== EXERCISE AIM ==
As you reproduce every line below, keep it exactly as written and leave out the images.

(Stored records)
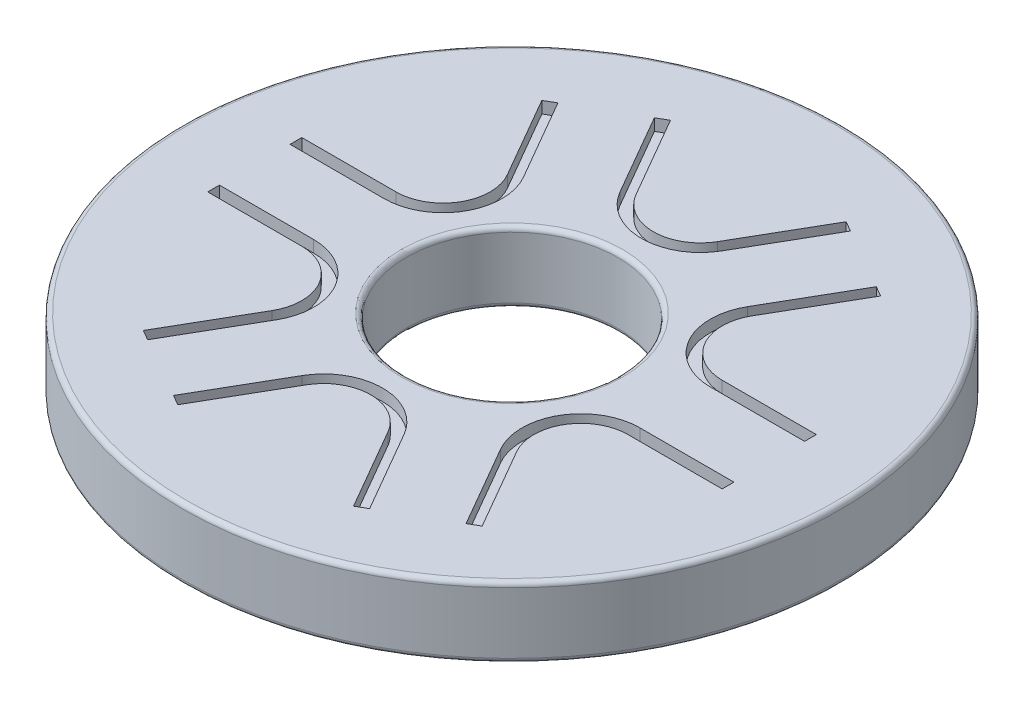
from build123d import *

# Parameters (mm, degrees)
SKETCH1_R           = 14
SKETCH1_R_2         = 4.5
BOSS_EXTRUDE1_DEPTH = 3
CUT_EXTRUDE1_DEPTH  = 0.5
FILLET1_R           = 0.2


with BuildPart() as part:
    # Sketch1 → Boss-Extrude1 (new body)
    with BuildSketch(Plane(origin=(0, 0, 0), x_dir=(1, 0, 0), z_dir=(0, 1, 0))):
        with Locations(Location((0, 0, 0), (0, 0, 270))):
            Circle(SKETCH1_R)
        with Locations(Location((0, 0, 0), (0, 0, 270))):
            Circle(SKETCH1_R_2, mode=Mode.SUBTRACT)
    extrude(amount=BOSS_EXTRUDE1_DEPTH)

    # Sketch2 → Cut-Extrude1 (cut)
    with BuildSketch(Plane(origin=(0, 3, 0), x_dir=(1, 0, 0), z_dir=(0, 1, 0))):
        with BuildLine():
            Line((-2.165063509, 6.75), (-4.165063509, 10.214101615))
            Line((-4.165063509, 10.214101615), (-3.732050808, 10.464101615))
            Line((-3.732050808, 10.464101615), (-1.732050808, 7))
            ThreePointArc((-1.732050808, 7), (0, 6), (1.732050808, 7))
            Line((1.732050808, 7), (3.732050808, 10.464101615))
            Line((3.732050808, 10.464101615), (4.165063509, 10.214101615))
            Line((4.165063509, 10.214101615), (2.165063509, 6.75))
            ThreePointArc((2.165063509, 6.75), (0, 5.5), (-2.165063509, 6.75))
        make_face()
        with BuildLine():
            Line((5.196152423, 5), (7.196152423, 8.464101615))
            Line((7.196152423, 8.464101615), (6.763139721, 8.714101615))
            Line((6.763139721, 8.714101615), (4.763139721, 5.25))
            ThreePointArc((4.763139721, 5.25), (4.763139721, 2.75), (6.92820323, 1.5))
            Line((6.92820323, 1.5), (10.92820323, 1.5))
            Line((10.92820323, 1.5), (10.92820323, 2))
            Line((10.92820323, 2), (6.92820323, 2))
            ThreePointArc((6.92820323, 2), (5.196152423, 3), (5.196152423, 5))
        make_face()
        with BuildLine():
            Line((6.92820323, -2), (10.92820323, -2))
            Line((10.92820323, -2), (10.92820323, -1.5))
            Line((10.92820323, -1.5), (6.92820323, -1.5))
            ThreePointArc((6.92820323, -1.5), (4.763139721, -2.75), (4.763139721, -5.25))
            Line((4.763139721, -5.25), (6.763139721, -8.714101615))
            Line((6.763139721, -8.714101615), (7.196152423, -8.464101615))
            Line((7.196152423, -8.464101615), (5.196152423, -5))
            ThreePointArc((5.196152423, -5), (5.196152423, -3), (6.92820323, -2))
        make_face()
        with BuildLine():
            Line((1.732050808, -7), (3.732050808, -10.464101615))
            Line((3.732050808, -10.464101615), (4.165063509, -10.214101615))
            Line((4.165063509, -10.214101615), (2.165063509, -6.75))
            ThreePointArc((2.165063509, -6.75), (0, -5.5), (-2.165063509, -6.75))
            Line((-2.165063509, -6.75), (-4.165063509, -10.214101615))
            Line((-4.165063509, -10.214101615), (-3.732050808, -10.464101615))
            Line((-3.732050808, -10.464101615), (-1.732050808, -7))
            ThreePointArc((-1.732050808, -7), (0, -6), (1.732050808, -7))
        make_face()
        with BuildLine():
            Line((-5.196152423, -5), (-7.196152423, -8.464101615))
            Line((-7.196152423, -8.464101615), (-6.763139721, -8.714101615))
            Line((-6.763139721, -8.714101615), (-4.763139721, -5.25))
            ThreePointArc((-4.763139721, -5.25), (-4.763139721, -2.75), (-6.92820323, -1.5))
            Line((-6.92820323, -1.5), (-10.92820323, -1.5))
            Line((-10.92820323, -1.5), (-10.92820323, -2))
            Line((-10.92820323, -2), (-6.92820323, -2))
            ThreePointArc((-6.92820323, -2), (-5.196152423, -3), (-5.196152423, -5))
        make_face()
        with BuildLine():
            Line((-6.92820323, 2), (-10.92820323, 2))
            Line((-10.92820323, 2), (-10.92820323, 1.5))
            Line((-10.92820323, 1.5), (-6.92820323, 1.5))
            ThreePointArc((-6.92820323, 1.5), (-4.763139721, 2.75), (-4.763139721, 5.25))
            Line((-4.763139721, 5.25), (-6.763139721, 8.714101615))
            Line((-6.763139721, 8.714101615), (-7.196152423, 8.464101615))
            Line((-7.196152423, 8.464101615), (-5.196152423, 5))
            ThreePointArc((-5.196152423, 5), (-5.196152423, 3), (-6.92820323, 2))
        make_face()
    extrude(amount=-CUT_EXTRUDE1_DEPTH, mode=Mode.SUBTRACT)

    # Fillet1
    fillet1_edges = [part.edges().sort_by_distance(p)[0] for p in [
        (0, 0, -14),
        (0, 3, -14),
        (0, 0, -4.5),
        (0, 3, -4.5),
    ]]
    fillet(fillet1_edges, radius=FILLET1_R)


solid = part.part

== RESULT FOR THIS EXERCISE ==
from build123d import *

# Parameters (mm, degrees)
SKETCH1_R           = 14
SKETCH1_R_2         = 4.5
BOSS_EXTRUDE1_DEPTH = 3
CUT_EXTRUDE1_DEPTH  = 0.5
FILLET1_R           = 0.2


with BuildPart() as part:
    # Sketch1 → Boss-Extrude1 (new body)
    with BuildSketch(Plane(origin=(0, 0, 0), x_dir=(1, 0, 0), z_dir=(0, 1, 0))):
        with Locations(Location((0, 0, 0), (0, 0, 270))):
            Circle(SKETCH1_R)
        with Locations(Location((0, 0, 0), (0, 0, 270))):
            Circle(SKETCH1_R_2, mode=Mode.SUBTRACT)
    extrude(amount=BOSS_EXTRUDE1_DEPTH)

    # Sketch2 → Cut-Extrude1 (cut)
    with BuildSketch(Plane(origin=(0, 3, 0), x_dir=(1, 0, 0), z_dir=(0, 1, 0))):
        with BuildLine():
            Line((-2.165063509, 6.75), (-4.165063509, 10.214101615))
            Line((-4.165063509, 10.214101615), (-3.732050808, 10.464101615))
            Line((-3.732050808, 10.464101615), (-1.732050808, 7))
            ThreePointArc((-1.732050808, 7), (0, 6), (1.732050808, 7))
            Line((1.732050808, 7), (3.732050808, 10.464101615))
            Line((3.732050808, 10.464101615), (4.165063509, 10.214101615))
            Line((4.165063509, 10.214101615), (2.165063509, 6.75))
            ThreePointArc((2.165063509, 6.75), (0, 5.5), (-2.165063509, 6.75))
        make_face()
        with BuildLine():
            Line((5.196152423, 5), (7.196152423, 8.464101615))
            Line((7.196152423, 8.464101615), (6.763139721, 8.714101615))
            Line((6.763139721, 8.714101615), (4.763139721, 5.25))
            ThreePointArc((4.763139721, 5.25), (4.763139721, 2.75), (6.92820323, 1.5))
            Line((6.92820323, 1.5), (10.92820323, 1.5))
            Line((10.92820323, 1.5), (10.92820323, 2))
            Line((10.92820323, 2), (6.92820323, 2))
            ThreePointArc((6.92820323, 2), (5.196152423, 3), (5.196152423, 5))
        make_face()
        with BuildLine():
            Line((6.92820323, -2), (10.92820323, -2))
            Line((10.92820323, -2), (10.92820323, -1.5))
            Line((10.92820323, -1.5), (6.92820323, -1.5))
            ThreePointArc((6.92820323, -1.5), (4.763139721, -2.75), (4.763139721, -5.25))
            Line((4.763139721, -5.25), (6.763139721, -8.714101615))
            Line((6.763139721, -8.714101615), (7.196152423, -8.464101615))
            Line((7.196152423, -8.464101615), (5.196152423, -5))
            ThreePointArc((5.196152423, -5), (5.196152423, -3), (6.92820323, -2))
        make_face()
        with BuildLine():
            Line((1.732050808, -7), (3.732050808, -10.464101615))
            Line((3.732050808, -10.464101615), (4.165063509, -10.214101615))
            Line((4.165063509, -10.214101615), (2.165063509, -6.75))
            ThreePointArc((2.165063509, -6.75), (0, -5.5), (-2.165063509, -6.75))
            Line((-2.165063509, -6.75), (-4.165063509, -10.214101615))
            Line((-4.165063509, -10.214101615), (-3.732050808, -10.464101615))
            Line((-3.732050808, -10.464101615), (-1.732050808, -7))
            ThreePointArc((-1.732050808, -7), (0, -6), (1.732050808, -7))
        make_face()
        with BuildLine():
            Line((-5.196152423, -5), (-7.196152423, -8.464101615))
            Line((-7.196152423, -8.464101615), (-6.763139721, -8.714101615))
            Line((-6.763139721, -8.714101615), (-4.763139721, -5.25))
            ThreePointArc((-4.763139721, -5.25), (-4.763139721, -2.75), (-6.92820323, -1.5))
            Line((-6.92820323, -1.5), (-10.92820323, -1.5))
            Line((-10.92820323, -1.5), (-10.92820323, -2))
            Line((-10.92820323, -2), (-6.92820323, -2))
            ThreePointArc((-6.92820323, -2), (-5.196152423, -3), (-5.196152423, -5))
        make_face()
        with BuildLine():
            Line((-6.92820323, 2), (-10.92820323, 2))
            Line((-10.92820323, 2), (-10.92820323, 1.5))
            Line((-10.92820323, 1.5), (-6.92820323, 1.5))
            ThreePointArc((-6.92820323, 1.5), (-4.763139721, 2.75), (-4.763139721, 5.25))
            Line((-4.763139721, 5.25), (-6.763139721, 8.714101615))
            Line((-6.763139721, 8.714101615), (-7.196152423, 8.464101615))
            Line((-7.196152423, 8.464101615), (-5.196152423, 5))
            ThreePointArc((-5.196152423, 5), (-5.196152423, 3), (-6.92820323, 2))
        make_face()
    extrude(amount=-CUT_EXTRUDE1_DEPTH, mode=Mode.SUBTRACT)

    # Fillet1
    fillet1_edges = [part.edges().sort_by_distance(p)[0] for p in [
        (0, 0, -14),
        (0, 3, -14),
        (0, 0, -4.5),
        (0, 3, -4.5),
    ]]
    fillet(fillet1_edges, radius=FILLET1_R)


solid = part.part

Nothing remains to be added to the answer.